Long-tailed Visual Recognition via Gaussian Clouded Logit Adjustment
- Mengke Li ,
- Yiu-ming Cheung ,
- Yang Lu
Abstract
Long-tailed data is still a big challenge for deep neural networks, even
though they have achieved great success on balanced data. We observe
that vanilla training on long-tailed data with cross-entropy loss makes
the instance-rich head classes severely squeeze the spatial distribution
of the tail classes, which leads to difficulty in classifying tail class
samples. Furthermore, the original cross-entropy loss can only propagate
gradient short-lively because the gradient in softmax form rapidly
approaches zero as the logit difference increases. This phenomenon is
called softmax saturation. It is unfavorable for training on balanced
data, but can be utilized to adjust the validity of the samples in
long-tailed data, thereby solving the distorted embedding space of
long-tailed problems. To this end, this paper therefore proposes the
Gaussian clouded logit adjustment by Gaussian perturbing different class
logits with varied amplitude. We define the amplitude of perturbation as
cloud size and set relatively large cloud sizes to tail classes.

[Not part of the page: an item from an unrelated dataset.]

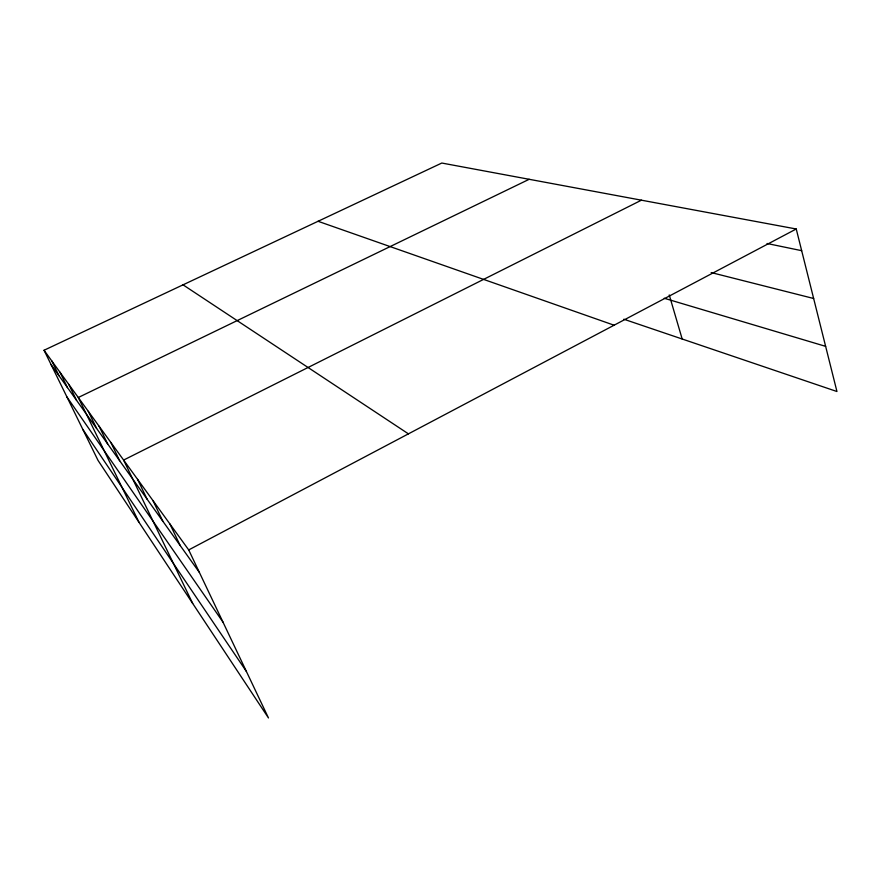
<?xml version="1.0" encoding="UTF-8"?>
<svg xmlns="http://www.w3.org/2000/svg" width="881" height="881" viewBox="0 0 881 881"><rect width="100%" height="100%" fill="white"/><g stroke="black" fill="none" stroke-linecap="round" stroke-linejoin="round"><path stroke-width="1.32" d="M796.237 228.994L441.81 163.04L44.05 350.253L188.71 549.92L796.237 228.994L836.95 391.516L623.847 319.219M641.412 200.185L123.604 460.069L192.686 603.452M529.173 179.295L78.288 397.507L139.044 522.378M767.043 243.497L801.666 250.678M711.187 272.559L813.648 298.494M664.23 298.263L825.64 346.354M318.052 221.285L614.09 325.21M183.039 284.838L408.432 433.859M51.153 364.745L199.414 572.474M66.923 396.946L222.959 622.074M82.858 429.454L246.427 671.509M44.05 350.253L98.011 460.378L268.474 717.96L188.71 549.92M68.762 384.358L76.548 400.326M59.93 372.167L67.474 387.607M51.715 360.825L59.027 375.78M88.276 411.295L96.58 428.386M99.09 426.217L107.658 443.925M110.819 442.416L119.695 460.785M137.59 479.374L147.127 499.219M152.953 500.573L162.853 521.255M169.901 523.975L180.198 545.548M669.241 294.937L682.18 339.009"/></g></svg>

The
large cloud size can reduce the softmax saturation and thereby making
tail class samples more active as well as enlarging the embedding space.
To alleviate the bias in the classifier, we accordingly propose the
class-based effective number sampling strategy with classifier
re-training. Extensive experiments on benchmark datasets validate the
superior performance of the proposed method.